-- Input for this task follows --

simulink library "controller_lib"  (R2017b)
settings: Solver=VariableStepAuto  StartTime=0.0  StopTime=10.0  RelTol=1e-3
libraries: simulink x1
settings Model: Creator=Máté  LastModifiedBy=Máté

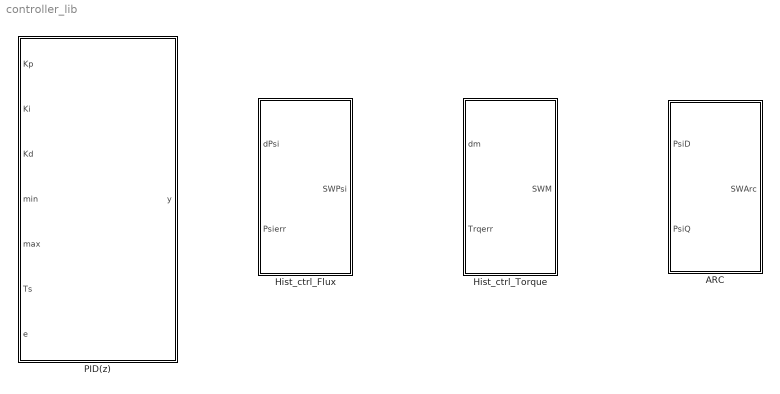
== system controller_lib ==
  ARC : Subsystem
  Hist_ctrl_Flux : Subsystem
  Hist_ctrl_Torque : Subsystem
  PID(z) : Subsystem

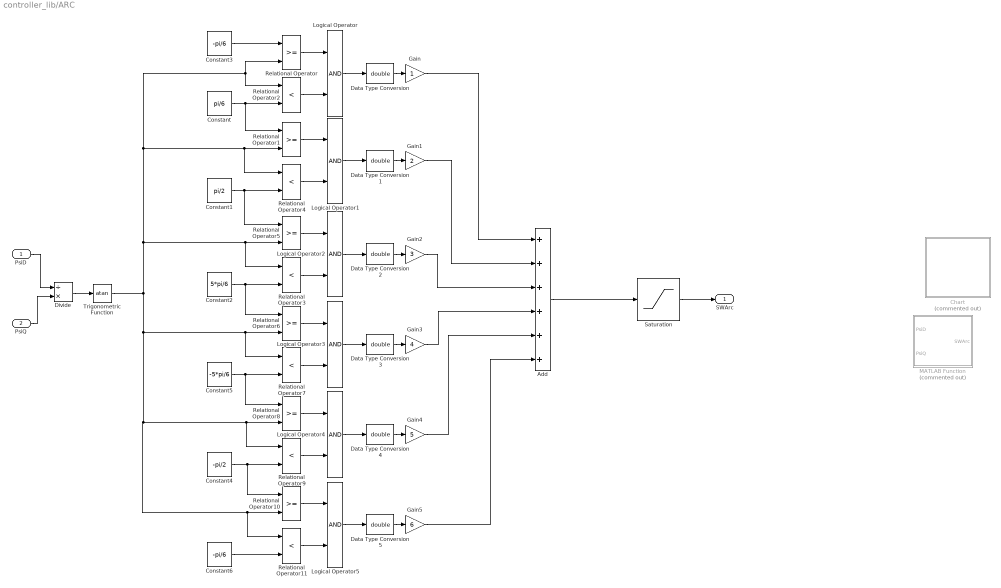
== system controller_lib/ARC ==
  PsiD : Inport
  PsiQ : Inport  Port=2
  Add : Sum  Inputs=++++++
  Chart : Stateflow chart  Commented=on  TreatAsAtomicUnit=on
  Constant : Constant  Value=pi/6  VectorParams1D=off  SampleTime=-1
  Constant1 : Constant  Value=pi/2  VectorParams1D=off  SampleTime=-1
  Constant2 : Constant  Value=5*pi/6  VectorParams1D=off  SampleTime=-1
  Constant3 : Constant  Value=-pi/6  VectorParams1D=off  SampleTime=-1
  Constant4 : Constant  Value=-pi/2  VectorParams1D=off  SampleTime=-1
  Constant5 : Constant  Value=-5*pi/6  VectorParams1D=off  SampleTime=-1
  Constant6 : Constant  Value=-pi/6  VectorParams1D=off  SampleTime=-1
  Data Type Conversion{,1..5} (6 alike) : DataTypeConversion  OutDataTypeStr=double
  Divide : Product  Inputs=/*
  Gain : Gain
  Gain1 : Gain  Gain=2
  Gain2 : Gain  Gain=3
  Gain3 : Gain  Gain=4
  Gain4 : Gain  Gain=5
  Gain5 : Gain  Gain=6
  Logical Operator{,1..5} (6 alike) : Logic  AllPortsSameDT=off  OutDataTypeStr=boolean
  MATLAB Function : MATLAB Function  Commented=on  TreatAsAtomicUnit=on
  Relational Operator{,1,5..6,8,10} (6 alike) : RelationalOperator  OutDataTypeStr=boolean  RndMeth=Simplest
  Relational Operator{2..4,7,9,11} (6 alike) : RelationalOperator  Operator=<  OutDataTypeStr=boolean  RndMeth=Simplest
  Saturation : Saturate  UpperLimit=6  LowerLimit=1
  Trigonometric Function : Trigonometry  Operator=atan
  SWArc : Outport
  wires:
  Constant3/1 -> Relational Operator/1
  Trigonometric Function/1 -> Relational Operator11/1, Relational Operator10/2, Relational Operator9/1, Relational Operator8/2, Relational Operator7/1, Relational Operator6/2, Relational Operator3/1, Relational Operator5/2, Relational Operator4/1, Relational Operator1/2, Relational Operator/2, Relational Operator2/1
  Constant/1 -> Relational Operator1/1, Relational Operator2/2
  Constant1/1 -> Relational Operator5/1, Relational Operator4/2
  Constant2/1 -> Relational Operator6/1, Relational Operator3/2
  Constant5/1 -> Relational Operator8/1, Relational Operator7/2
  Constant4/1 -> Relational Operator10/1, Relational Operator9/2
  Constant6/1 -> Relational Operator11/2
  Relational Operator/1 -> Logical Operator/1
  Relational Operator2/1 -> Logical Operator/2
  Relational Operator1/1 -> Logical Operator1/1
  Relational Operator4/1 -> Logical Operator1/2
  Relational Operator5/1 -> Logical Operator2/1
  Relational Operator3/1 -> Logical Operator2/2
  Relational Operator6/1 -> Logical Operator3/1
  Relational Operator7/1 -> Logical Operator3/2
  Relational Operator8/1 -> Logical Operator4/1
  Relational Operator9/1 -> Logical Operator4/2
  Relational Operator10/1 -> Logical Operator5/1
  Relational Operator11/1 -> Logical Operator5/2
  Gain/1 -> Add/1
  Gain1/1 -> Add/2
  Gain2/1 -> Add/3
  Gain3/1 -> Add/4
  Gain4/1 -> Add/5
  Gain5/1 -> Add/6
  Saturation/1 -> SWArc/1
  Logical Operator/1 -> Data Type Conversion/1
  Data Type Conversion/1 -> Gain/1
  Logical Operator1/1 -> Data Type Conversion1/1
  Data Type Conversion1/1 -> Gain1/1
  Logical Operator2/1 -> Data Type Conversion2/1
  Data Type Conversion2/1 -> Gain2/1
  Logical Operator3/1 -> Data Type Conversion3/1
  Data Type Conversion3/1 -> Gain3/1
  Logical Operator4/1 -> Data Type Conversion4/1
  Data Type Conversion4/1 -> Gain4/1
  Logical Operator5/1 -> Data Type Conversion5/1
  Data Type Conversion5/1 -> Gain5/1
  Add/1 -> Saturation/1
  PsiQ/1 -> Divide/2
  Divide/1 -> Trigonometric Function/1
  PsiD/1 -> Divide/1

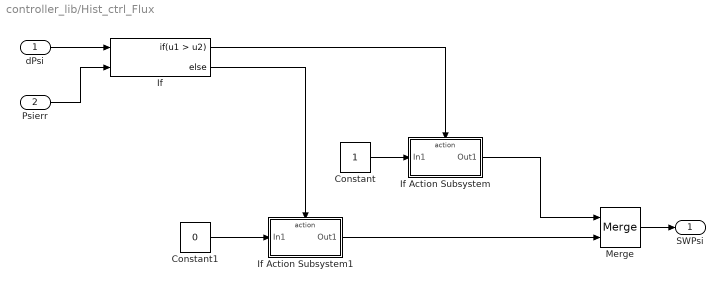
== system controller_lib/Hist_ctrl_Flux ==
  dPsi : Inport
  Psierr : Inport  Port=2
  Constant : Constant
  Constant1 : Constant  Value=0
  If : If  NumInputs=2  IfExpression=u1 > u2
  If Action Subsystem : Subsystem  TreatAsAtomicUnit=on
  If Action Subsystem1 : Subsystem  TreatAsAtomicUnit=on
  Merge : Merge
  SWPsi : Outport
  wires:
  Psierr/1 -> If/2
  dPsi/1 -> If/1
  If/1 -> If Action Subsystem/Action
  Constant/1 -> If Action Subsystem/1(In1)
  If/2 -> If Action Subsystem1/Action
  Constant1/1 -> If Action Subsystem1/1(In1)
  Merge/1 -> SWPsi/1
  If Action Subsystem/1(Out1) -> Merge/1
  If Action Subsystem1/1(Out1) -> Merge/2

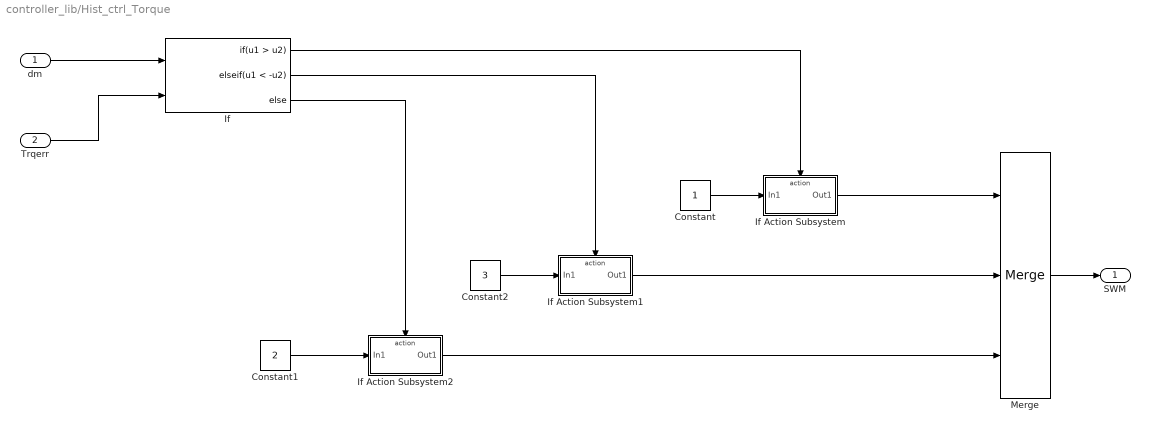
== system controller_lib/Hist_ctrl_Torque ==
  dm : Inport
  Trqerr : Inport  Port=2
  Constant : Constant
  Constant1 : Constant  Value=2
  Constant2 : Constant  Value=3
  If : If  NumInputs=2  IfExpression=u1 > u2  ElseIfExpressions=u1 < -u2
  If Action Subsystem : Subsystem  TreatAsAtomicUnit=on
  If Action Subsystem1 : Subsystem  TreatAsAtomicUnit=on
  If Action Subsystem2 : Subsystem  TreatAsAtomicUnit=on
  Merge : Merge  Inputs=3
  SWM : Outport
  wires:
  dm/1 -> If/1
  If/1 -> If Action Subsystem/Action
  If/2 -> If Action Subsystem1/Action
  If/3 -> If Action Subsystem2/Action
  Constant/1 -> If Action Subsystem/1(In1)
  Constant1/1 -> If Action Subsystem2/1(In1)
  Constant2/1 -> If Action Subsystem1/1(In1)
  Merge/1 -> SWM/1
  If Action Subsystem/1(Out1) -> Merge/1
  If Action Subsystem1/1(Out1) -> Merge/2
  If Action Subsystem2/1(Out1) -> Merge/3
  Trqerr/1 -> If/2

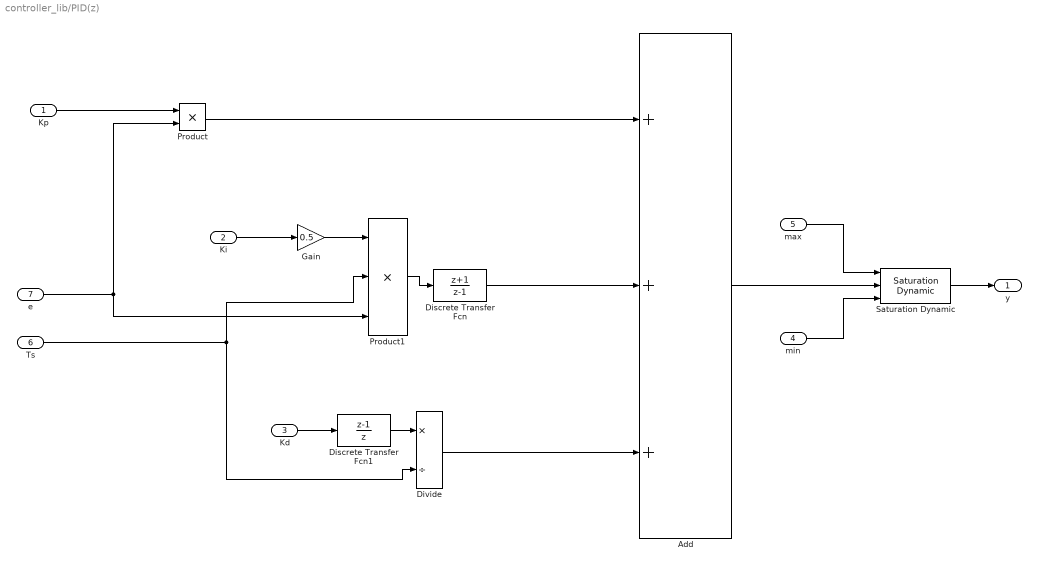
== system controller_lib/PID(z) ==
  Kp : Inport
  Ki : Inport  Port=2
  Kd : Inport  Port=3
  min : Inport  Port=4
  "max " : Inport  Port=5
  Ts : Inport  Port=6
  e : Inport  Port=7
  Add : Sum  Inputs=+++
  Discrete Transfer Fcn : DiscreteTransferFcn  Numerator=[1 1]  Denominator=[1 -1]
  Discrete Transfer Fcn1 : DiscreteTransferFcn  Numerator=[1 -1]  Denominator=[1 0]
  Divide : Product  Inputs=*/
  Gain : Gain  Gain=0.5
  Product : Product
  Product1 : Product  Inputs=3
  Saturation Dynamic : simulink/Discontinuities/Saturation Dynamic  OutMin=[]  OutMax=[]  OutDataTypeStr=Inherit: Same as second input  OutDataType=fixdt(1, 16)  OutScaling=2^-10  DoSatur=off
  y : Outport
  wires:
  min/1 -> Saturation Dynamic/3
  "max "/1 -> Saturation Dynamic/1
  Saturation Dynamic/1 -> y/1
  Add/1 -> Saturation Dynamic/2
  e/1 -> Product/2, Product1/3
  Kp/1 -> Product/1
  Ki/1 -> Gain/1
  Gain/1 -> Product1/1
  Product1/1 -> Discrete Transfer Fcn/1
  Ts/1 -> Divide/2, Product1/2
  Discrete Transfer Fcn1/1 -> Divide/1
  Kd/1 -> Discrete Transfer Fcn1/1
  Product/1 -> Add/1
  Discrete Transfer Fcn/1 -> Add/2
  Divide/1 -> Add/3

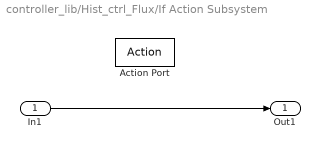
== system controller_lib/Hist_ctrl_Flux/If Action Subsystem ==
  In1 : Inport
  Action Port : ActionPort
  Out1 : Outport
  wires:
  In1/1 -> Out1/1

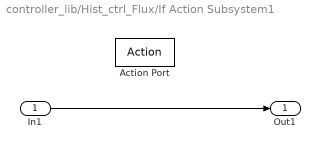
== system controller_lib/Hist_ctrl_Flux/If Action Subsystem1 ==
  In1 : Inport
  Action Port : ActionPort
  Out1 : Outport
  wires:
  In1/1 -> Out1/1

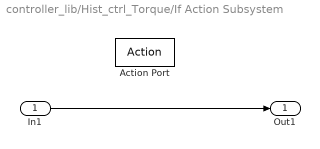
== system controller_lib/Hist_ctrl_Torque/If Action Subsystem ==
  In1 : Inport
  Action Port : ActionPort  ActionType=then
  Out1 : Outport
  wires:
  In1/1 -> Out1/1

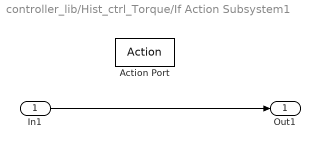
== system controller_lib/Hist_ctrl_Torque/If Action Subsystem1 ==
  In1 : Inport
  Action Port : ActionPort  ActionType=elseif
  Out1 : Outport
  wires:
  In1/1 -> Out1/1

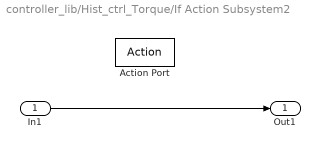
== system controller_lib/Hist_ctrl_Torque/If Action Subsystem2 ==
  In1 : Inport
  Action Port : ActionPort  ActionType=else
  Out1 : Outport
  wires:
  In1/1 -> Out1/1

== matlab function controller_lib/ARC/MATLAB Function ==
  data: PsiD input; SWArc output; PsiQ input
function SWArc = arc_function(PsiD,PsiQ)

angle = atan(PsiQ/PsiD);
double x;
    
if (11*pi/6 < angle) && (angle <= pi/6)
        x = 1; 
        
        elseif (pi/6 < angle) && (angle <= pi/2)
            x = 2;
               
            elseif (pi/2 < angle) && (angle <= 5*pi/6)
                 x = 3;
                    
                 elseif (5*pi/6 < angle) && (angle <= 7*pi/6)
                       x = 4;
                            
                        elseif (7*pi/6 < angle) && (angle <= 3*pi/2)
                                x = 5;
    else 
        x = 6;
end

SWArc = x;

== stateflow chart controller_lib/ARC/Chart ==
  (junction 1) -> (junction 2) [order 4] : [x <= 30 && x > -30]{y = 1}
  (junction 1) -> (junction 6) [order 5] : [x <= 90 && x > 30]{y = 2}
  (junction 1) -> (junction 16) [order 2] : [x <= 330 && x > 270]{y = 6}
  (junction 23) -> (junction 1)
  (junction 1) -> (junction 4) [order 6] : [x <= 150 && x > 90]{y = 3}
  (junction 1) -> (junction 13) [order 3] : [x <= 270 && x > 210]{y = 5}
  (junction 1) -> (junction 8) [order 1] : [x <= 210 && x > 150]{y = 4}

-- Input for this task concluded --

-- Work required --
Each line above that contains the word "NumInputs" should be returned.

-- Response area --
  If : If  NumInputs=2  IfExpression=u1 > u2
  If : If  NumInputs=2  IfExpression=u1 > u2  ElseIfExpressions=u1 < -u2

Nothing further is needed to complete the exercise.